::: Provided entries :::

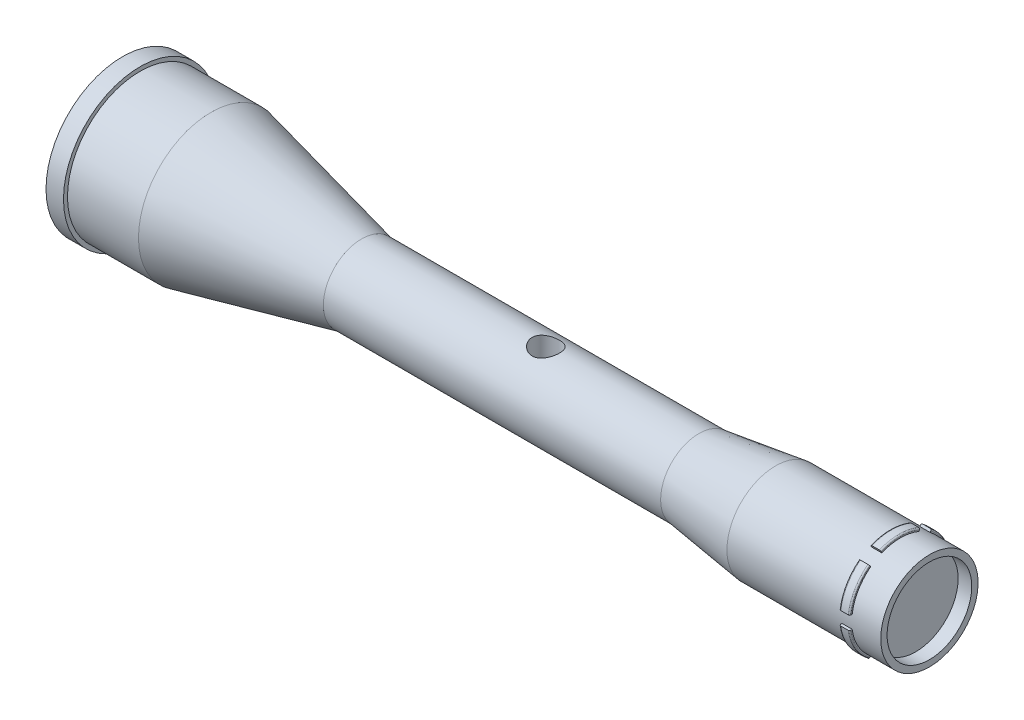
from build123d import *

# Parameters (mm, degrees)
BOSS_EXTRUDE1_DEPTH     = 3.73
BOSS_EXTRUDE1_2_DEPTH   = 3.73
BOSS_EXTRUDE1_3_DEPTH   = 3.73
BOSS_EXTRUDE1_4_DEPTH   = 3.73
BOSS_EXTRUDE1_5_DEPTH   = 3.73
BOSS_EXTRUDE1_6_DEPTH   = 3.73
FILLET1_R               = 0.5
FILLET2_R               = 0.5
FILLET3_R               = 0.5
FILLET4_R               = 0.5
FILLET5_R               = 0.5
FILLET6_R               = 0.5
CUT_EXTRUDE1_DEPTH      = 153.973408637
CUT_EXTRUDE1_DEPTH_BACK = 153.973408637
SKETCH3_R               = 5
SKETCH4_R               = 25.25
CUT_EXTRUDE2_DEPTH      = 5
SKETCH5_R               = 15.5
CUT_EXTRUDE3_DEPTH      = 5


with BuildPart() as part:
    # Sketch1 → Revolve1 (revolve)
    with BuildSketch(Plane(origin=(0, 0, 0), x_dir=(1, 0, 0), z_dir=(0, 1, 0))):
        Polygon((-147.75, 0), (-147.75, 28.025), (-141.35, 28.025), (-141.35, 26.56), (-115.35, 26.56), (-60.19, 14), (63.31, 14), (91.41, 17.82), (147.75, 17.82), (147.75, 0), align=None)
    revolve(axis=Axis((-147.75, 0, 0), (1, 0, 0)))

    # Sketch3 → Cut-Extrude1 (cut, two sides: drawn at the far end of the back side and taken through both)
    with BuildSketch(Plane(origin=(0, 0, 0), x_dir=(1, 0, 0), z_dir=(0, 1, 0)).offset(-CUT_EXTRUDE1_DEPTH_BACK)):
        with Locations((7.27, 0)):
            Circle(SKETCH3_R)
    extrude(amount=CUT_EXTRUDE1_DEPTH + CUT_EXTRUDE1_DEPTH_BACK, mode=Mode.SUBTRACT)

    # Sketch4 → Cut-Extrude2 (cut)
    with BuildSketch(Plane.ZY.offset(147.75)):
        Circle(SKETCH4_R)
    extrude(amount=-CUT_EXTRUDE2_DEPTH, mode=Mode.SUBTRACT)

    # Sketch5 → Cut-Extrude3 (cut)
    with BuildSketch(Plane(origin=(147.75, 0, 0), x_dir=(0, 0, -1), z_dir=(1, 0, 0))):
        Circle(SKETCH5_R)
    extrude(amount=-CUT_EXTRUDE3_DEPTH, mode=Mode.SUBTRACT)


with BuildPart() as body_2:
    # Sketch2 → Boss-Extrude1 (new body)
    with BuildSketch(Plane(origin=(137.11, 0, 0), x_dir=(0, 0, -1), z_dir=(1, 0, 0))):
        with BuildLine():
            Line((-7.175314357, 17.322741235), (-6.819418765, 16.463533269))
            ThreePointArc((-6.819418765, 16.463533269), (0, 17.82), (6.819418765, 16.463533269))
            Line((6.819418765, 16.463533269), (7.175314357, 17.322741235))
            ThreePointArc((7.175314357, 17.322741235), (0, 18.75), (-7.175314357, 17.322741235))
        make_face()
    extrude(amount=-BOSS_EXTRUDE1_DEPTH)

    # Fillet2
    fillet2_edges = [body_2.edges().sort_by_distance(p)[0] for p in [
        (133.38, 18.75, 0),
        (137.11, 18.75, 0),
    ]]
    fillet(fillet2_edges, radius=FILLET2_R)


with BuildPart() as body_3:
    # Sketch2 → Boss-Extrude1 2 (new body)
    with BuildSketch(Plane(origin=(137.11, 0, 0), x_dir=(0, 0, -1), z_dir=(1, 0, 0))):
        with BuildLine():
            Line((11.414276794, 14.87537513), (10.848128665, 14.137556524))
            ThreePointArc((10.848128665, 14.137556524), (15.432572695, 8.91), (17.66754743, 2.325976745))
            Line((17.66754743, 2.325976745), (18.589591151, 2.447366104))
            ThreePointArc((18.589591151, 2.447366104), (16.237976321, 9.375), (11.414276794, 14.87537513))
        make_face()
    extrude(amount=-BOSS_EXTRUDE1_2_DEPTH)

    # Fillet1
    fillet1_edges = [body_3.edges().sort_by_distance(p)[0] for p in [
        (133.38, 9.375, -16.237976321),
        (137.11, 9.375, -16.237976321),
    ]]
    fillet(fillet1_edges, radius=FILLET1_R)


with BuildPart() as body_4:
    # Sketch2 → Boss-Extrude1 3 (new body)
    with BuildSketch(Plane(origin=(137.11, 0, 0), x_dir=(0, 0, -1), z_dir=(1, 0, 0))):
        with BuildLine():
            Line((18.589591151, -2.447366104), (17.66754743, -2.325976745))
            ThreePointArc((17.66754743, -2.325976745), (15.432572695, -8.91), (10.848128665, -14.137556524))
            Line((10.848128665, -14.137556524), (11.414276794, -14.87537513))
            ThreePointArc((11.414276794, -14.87537513), (16.237976321, -9.375), (18.589591151, -2.447366104))
        make_face()
    extrude(amount=-BOSS_EXTRUDE1_3_DEPTH)

    # Fillet6
    fillet6_edges = [body_4.edges().sort_by_distance(p)[0] for p in [
        (137.11, -9.375, -16.237976321),
        (133.38, -9.375, -16.237976321),
    ]]
    fillet(fillet6_edges, radius=FILLET6_R)


with BuildPart() as body_5:
    # Sketch2 → Boss-Extrude1 4 (new body)
    with BuildSketch(Plane(origin=(137.11, 0, 0), x_dir=(0, 0, -1), z_dir=(1, 0, 0))):
        with BuildLine():
            Line((7.175314357, -17.322741235), (6.819418765, -16.463533269))
            ThreePointArc((6.819418765, -16.463533269), (0, -17.82), (-6.819418765, -16.463533269))
            Line((-6.819418765, -16.463533269), (-7.175314357, -17.322741235))
            ThreePointArc((-7.175314357, -17.322741235), (0, -18.75), (7.175314357, -17.322741235))
        make_face()
    extrude(amount=-BOSS_EXTRUDE1_4_DEPTH)

    # Fillet5
    fillet5_edges = [body_5.edges().sort_by_distance(p)[0] for p in [
        (137.11, -18.75, 0),
        (133.38, -18.75, 0),
    ]]
    fillet(fillet5_edges, radius=FILLET5_R)


with BuildPart() as body_6:
    # Sketch2 → Boss-Extrude1 5 (new body)
    with BuildSketch(Plane(origin=(137.11, 0, 0), x_dir=(0, 0, -1), z_dir=(1, 0, 0))):
        with BuildLine():
            Line((-11.414276794, -14.87537513), (-10.848128665, -14.137556524))
            ThreePointArc((-10.848128665, -14.137556524), (-15.432572695, -8.91), (-17.66754743, -2.325976745))
            Line((-17.66754743, -2.325976745), (-18.589591151, -2.447366104))
            ThreePointArc((-18.589591151, -2.447366104), (-16.237976321, -9.375), (-11.414276794, -14.87537513))
        make_face()
    extrude(amount=-BOSS_EXTRUDE1_5_DEPTH)

    # Fillet4
    fillet4_edges = [body_6.edges().sort_by_distance(p)[0] for p in [
        (133.38, -9.375, 16.237976321),
        (137.11, -9.375, 16.237976321),
    ]]
    fillet(fillet4_edges, radius=FILLET4_R)


with BuildPart() as body_7:
    # Sketch2 → Boss-Extrude1 6 (new body)
    with BuildSketch(Plane(origin=(137.11, 0, 0), x_dir=(0, 0, -1), z_dir=(1, 0, 0))):
        with BuildLine():
            Line((-18.589591151, 2.447366104), (-17.66754743, 2.325976745))
            ThreePointArc((-17.66754743, 2.325976745), (-15.432572695, 8.91), (-10.848128665, 14.137556524))
            Line((-10.848128665, 14.137556524), (-11.414276794, 14.87537513))
            ThreePointArc((-11.414276794, 14.87537513), (-16.237976321, 9.375), (-18.589591151, 2.447366104))
        make_face()
    extrude(amount=-BOSS_EXTRUDE1_6_DEPTH)

    # Fillet3
    fillet3_edges = [body_7.edges().sort_by_distance(p)[0] for p in [
        (133.38, 9.375, 16.237976321),
        (137.11, 9.375, 16.237976321),
    ]]
    fillet(fillet3_edges, radius=FILLET3_R)


solid = Compound([part.part, body_2.part, body_3.part, body_4.part, body_5.part, body_6.part, body_7.part])

:::

▸ Task objective
Where pictures appear, drop them, and reproduce exactly only the lines running from the beginning of the data to the line that contains "# Sketch1 → Revolve1 (revolve)", inclusive.

▸ Task answer
from build123d import *

# Parameters (mm, degrees)
BOSS_EXTRUDE1_DEPTH     = 3.73
BOSS_EXTRUDE1_2_DEPTH   = 3.73
BOSS_EXTRUDE1_3_DEPTH   = 3.73
BOSS_EXTRUDE1_4_DEPTH   = 3.73
BOSS_EXTRUDE1_5_DEPTH   = 3.73
BOSS_EXTRUDE1_6_DEPTH   = 3.73
FILLET1_R               = 0.5
FILLET2_R               = 0.5
FILLET3_R               = 0.5
FILLET4_R               = 0.5
FILLET5_R               = 0.5
FILLET6_R               = 0.5
CUT_EXTRUDE1_DEPTH      = 153.973408637
CUT_EXTRUDE1_DEPTH_BACK = 153.973408637
SKETCH3_R               = 5
SKETCH4_R               = 25.25
CUT_EXTRUDE2_DEPTH      = 5
SKETCH5_R               = 15.5
CUT_EXTRUDE3_DEPTH      = 5


with BuildPart() as part:
    # Sketch1 → Revolve1 (revolve)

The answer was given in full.